Ramos aside, though, it was not a stellar first round for South Florida players.

One year after former American Heritage and University of Miami catcher Zach Collins was the 10th pick in the 2016 draft, no local baseball player was selected among the top 30 picks.

The 2017 draft, which continued late Monday night through 75 picks, will contain 40 rounds and roughly 1,200 players by the time the selections stop on Wednesday.

But here is why the first round is so important: As MLB Network’s Peter Gammons pointed out, 19 of the 50 players who were major-league All-Stars last year were first-rounders.

Monsignor Pace shortstop Jeter Downs, a UM recruit, went to the Cincinnati Reds with a competitive balance pick (No. 32 overall).

American Heritage shortstop of Mark Vientos, who is a Miami Hurricanes recruit, went to the New York Mets in the second round (No. 59 overall).

Mervyl Melendez laughed when asked who was more nervous, him or his son.

“I’m trying not to think about it,” said Melendez, who talked to the Miami Herald just 90 minutes before the start of the draft. “But it’s probably me.

“MJ grabbed a ball and a glove at age 2, and he immediately simulated a catcher’s position.

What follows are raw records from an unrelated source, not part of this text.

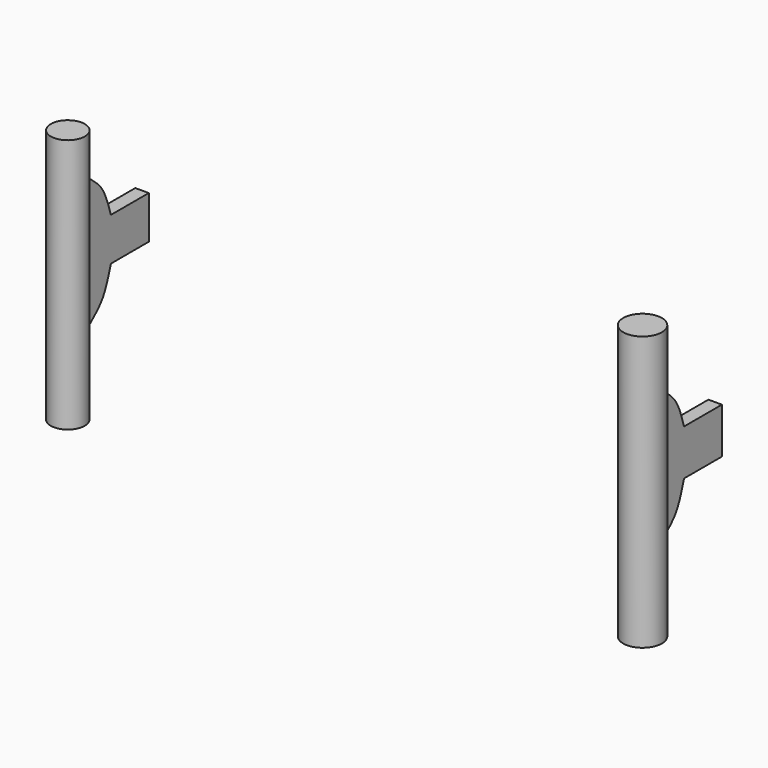
from build123d import *

# Parameters (mm, degrees)
F15_R     = 2.2335856761
F16_DEPTH = 33.528
F17_R     = 2.5454196351
F18_DEPTH = 36.068
F21_DEPTH = 1.778
F24_DEPTH = 1.778


# Not quite as in the source:
# - the program builds the solid bodies; features that only make, move or delete a surface that nothing else refers to are left out


with BuildPart() as f16:
    # F15 (on offset) → F16 (new body)
    with BuildSketch(Plane.XY.offset(34.036)):
        with Locations((-32.7947326005, -12.3348757625)):
            Circle(F15_R)
    extrude(amount=-F16_DEPTH)


with BuildPart() as f18:
    # F17 (on Top) → F18 (new body)
    with BuildSketch(Plane.XY):
        with Locations((42.8683161736, -12.3544856906)):
            Circle(F17_R)
    extrude(amount=F18_DEPTH)

    # F23 (on offset) → F24 (join)
    with BuildSketch(Plane.YZ.offset(41.656)):
        with BuildLine():
            add(Edge.make_bspline(
                [(-9.8325097933, 27.6496764272), (-9.0307658036, 27.0274098331), (-7.333639855, 25.7102003531), (-6.6161287383, 23.2921278525), (-6.237579044, 22.0163837075)],
                knots=[0, 0, 0, 0, 0.4724127814, 1, 1, 1, 1], degree=3))
            Line((-9.8325097933, 27.6496764272), (-9.7397938371, 19.0057530999))
            Line((-9.7397938371, 19.0057530999), (-9.8325097933, 10.3618297726))
            add(Edge.make_bspline(
                [(-9.8325097933, 10.3618297726), (-9.0307658036, 10.9840963667), (-7.333639855, 12.3013058467), (-6.6161287383, 14.7193783474), (-6.237579044, 15.9951224923)],
                knots=[0, 0, 0, 0, 0.4724127814, 1, 1, 1, 1], degree=3))
            Line((-6.237579044, 15.9951224923), (0, 15.9951224923))
            Line((0, 15.9951224923), (0, 19.0057530999))
            Line((0, 19.0057530999), (0, 22.0163837075))
            Line((0, 22.0163837075), (-6.237579044, 22.0163837075))
        make_face()
    extrude(amount=F24_DEPTH)


with BuildPart() as f21:
    # F20 (on offset) → F21 (new body)
    with BuildSketch(Plane.YZ.offset(-33.782)):
        with BuildLine():
            add(Edge.make_bspline(
                [(-9.7659286112, 27.6505146176), (-8.9921918233, 27.024105619), (-7.3467405515, 25.6919659306), (-6.6207069657, 23.2803554227), (-6.2360744923, 22.0027510077)],
                knots=[0, 0, 0, 0, 0.4702277126, 1, 1, 1, 1], degree=3))
            Line((-9.7659286112, 27.6505146176), (-9.7659286112, 10.7072200626))
            add(Edge.make_bspline(
                [(-9.7659286112, 10.7072200626), (-8.9921918233, 11.3336290612), (-7.3467405515, 12.6657687496), (-6.6207069657, 15.0773792575), (-6.2360744923, 16.3549836725)],
                knots=[0, 0, 0, 0, 0.4702277126, 1, 1, 1, 1], degree=3))
            Line((-6.2360744923, 16.3549836725), (0, 16.3549836725))
            Line((0, 16.3549836725), (0, 19.1788673401))
            Line((0, 19.1788673401), (0, 22.0027510077))
            Line((0, 22.0027510077), (-6.2360744923, 22.0027510077))
        make_face()
    extrude(amount=F21_DEPTH)


solid = Compound([f16.part, f18.part, f21.part])

He was born to be a catcher I guess.”

Melendez is not only nervous about his son but also about several FIU recruits and a couple of Panthers players.

FIU has three other recruits who are ranked among Baseball America’s top 500 prospects: left-hander Logan Allen (No. 143); right-hander Christian Santana of American Heritage (264); and outfielder Andres Santana of Doral (411).